Weekly Forex Forecast for May 13–17, 2024
Original Author: James Stanley, Forex Factory
Adapted and Expanded by AI
The upcoming week in forex markets is set to be a significant one, especially with the U.S. CPI report scheduled for release. This key data point could serve as a catalyst for major movements across multiple currency pairs, including DXY, EUR/USD, GBP/USD, and USD/JPY. These pairs are currently hovering around critical technical levels, and the CPI reading could provide the trigger needed to break them out of their recent ranges.
Below, we take a detailed look at the technical outlook across each of these pairs, examining key chart setups, areas of support and resistance, and potential scenarios that could play out depending on how the data affects market sentiment.
U.S. Dollar Index (DXY) – Key Technical Overview
The U.S. Dollar (DXY) has been showing signs of stress as it transitions from a bullish market structure on the daily chart to one that could be swinging toward the bearish side.
– After a strong upward trend earlier this year, prices stalled near a key Fibonacci resistance level of 106.12, the 38.2% retracement of the 2022–2023 major sell-off.
– The past two weeks saw multiple failed attempts to break above this level, creating a lower-high setup.
– This week, the DXY found support around 105.00, narrowly avoiding a steeper pullback but also exposing the vulnerability in the uptrend.
Key Technical Factors:
– Support around 105.00 is crucial. A break below this level could open the door to further downside.
– Resistance remains near 106.12. This zone has turned back multiple rallies, establishing it as a firm ceiling.
– A descending triangle is forming on shorter time frames (4H and 1H), with flat support and lower highs. This pattern signals growing bearish momentum, with a potential for breakdown if CPI data comes in soft.
Upcoming CPI Scenario:
– If inflation prints below expectations, traders may begin pricing in dovish Federal Reserve policy. This could trigger USD weakness, especially if yields decline in anticipation of rate cuts.
– In this scenario, a break below 105.00 would be significant, potentially accelerating a move toward 104.50 or even 104.00.
– Conversely, a hot CPI could sustain the USD bullish trend, potentially setting up another test and possible breakout above 106.12.
EUR/USD – Building a Bullish Reversal?
EUR/USD has shown a relatively strong performance as the U.S. Dollar has weakened. Following a rally from the 1.0700 zone, prices have moved higher over the past three weeks. Analysts are watching closely to see if this could turn into a larger reversal trend.
– The 23.6% Fibonacci retracement of the 2023–2024 move (from October 2023 to December 2023) at around 1.0792 helped support the most recent rally.
– The pair is now approaching a confluence zone between 1.0835 and 1.0865, and possibly setting up a bullish breakout.
Key Technical Factors:
– A confirmed daily close above the confluence zone could target the 1.0910 level, followed by 1.0960 and the psychological 1.1000.
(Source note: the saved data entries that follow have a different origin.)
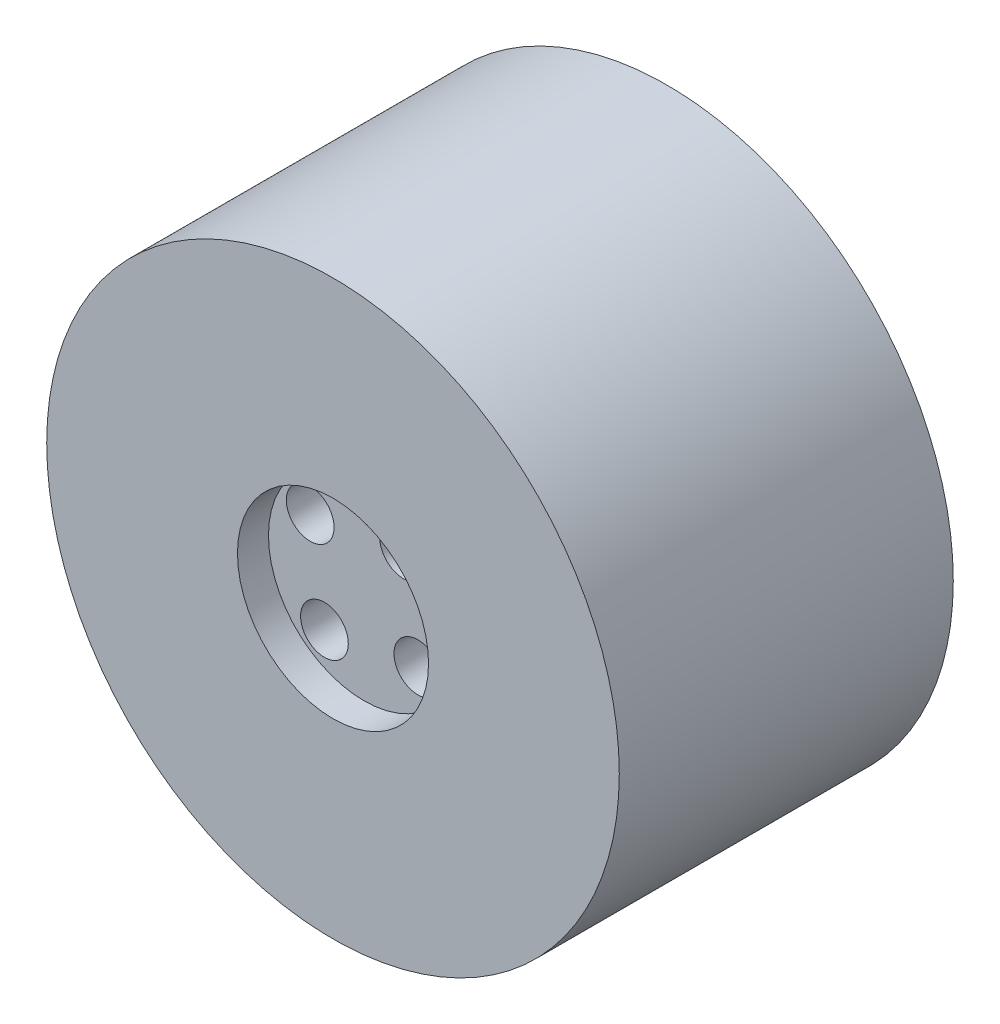
from build123d import *

# Parameters (mm, degrees)
SKETCH1_R           = 60
BOSS_EXTRUDE1_DEPTH = 70
SKETCH2_R           = 20.02
CUT_EXTRUDE1_DEPTH  = 6.5
SKETCH3_R           = 20
BOSS_EXTRUDE2_DEPTH = 6
SKETCH4_R           = 5
CUT_EXTRUDE2_DEPTH  = 114.912246927
CIRPATTERN1_COUNT   = 4


with BuildPart() as part:
    # Sketch1 → Boss-Extrude1 (new body)
    with BuildSketch(Plane.XY):
        Circle(SKETCH1_R)
    extrude(amount=BOSS_EXTRUDE1_DEPTH)

    # Sketch2 → Cut-Extrude1 (cut)
    with BuildSketch(Plane.XY.offset(70)):
        Circle(SKETCH2_R)
    extrude(amount=-CUT_EXTRUDE1_DEPTH, mode=Mode.SUBTRACT)

    # Sketch3 → Boss-Extrude2 (add)
    with BuildSketch(Plane(origin=(0, 0, 0), x_dir=(-1, 0, 0), z_dir=(0, 0, -1))):
        Circle(SKETCH3_R)
    extrude(amount=BOSS_EXTRUDE2_DEPTH)

    # Sketch4 → Cut-Extrude2 (cut, through all)
    with BuildSketch(Plane.XY.offset(70)):
        with Locations((-11.27834561, 8.294511456)):
            Circle(SKETCH4_R)
    cut_extrude2 = extrude(amount=-CUT_EXTRUDE2_DEPTH, mode=Mode.SUBTRACT)

    # CirPattern1: Cut-Extrude2 ×4 about axis
    cirpattern1_axis = Axis((0, 0, 0), (0, 0, 1))
    for i in range(1, CIRPATTERN1_COUNT):
        add(cut_extrude2.rotate(cirpattern1_axis, i * 360 / CIRPATTERN1_COUNT), mode=Mode.SUBTRACT)


solid = part.part

– 1.0700 remains a crucial support area for bulls. A break below that would invalidate the current ascending pattern.
– The 100-day moving average has crossed the 200-day MA from below, signaling a potential longer-term bullish trend change.
Macro Implications:
– A soft U.S. CPI number could fuel euro buying, as declining rate expectations in the U.S. might cause capital outflows and a weakening dollar.
– Conversely, a strong inflation reading could stall the current bullish move and lead to renewed pressure on EUR/USD, potentially pushing it back below 1
Explore this further here: USD/JPY trading.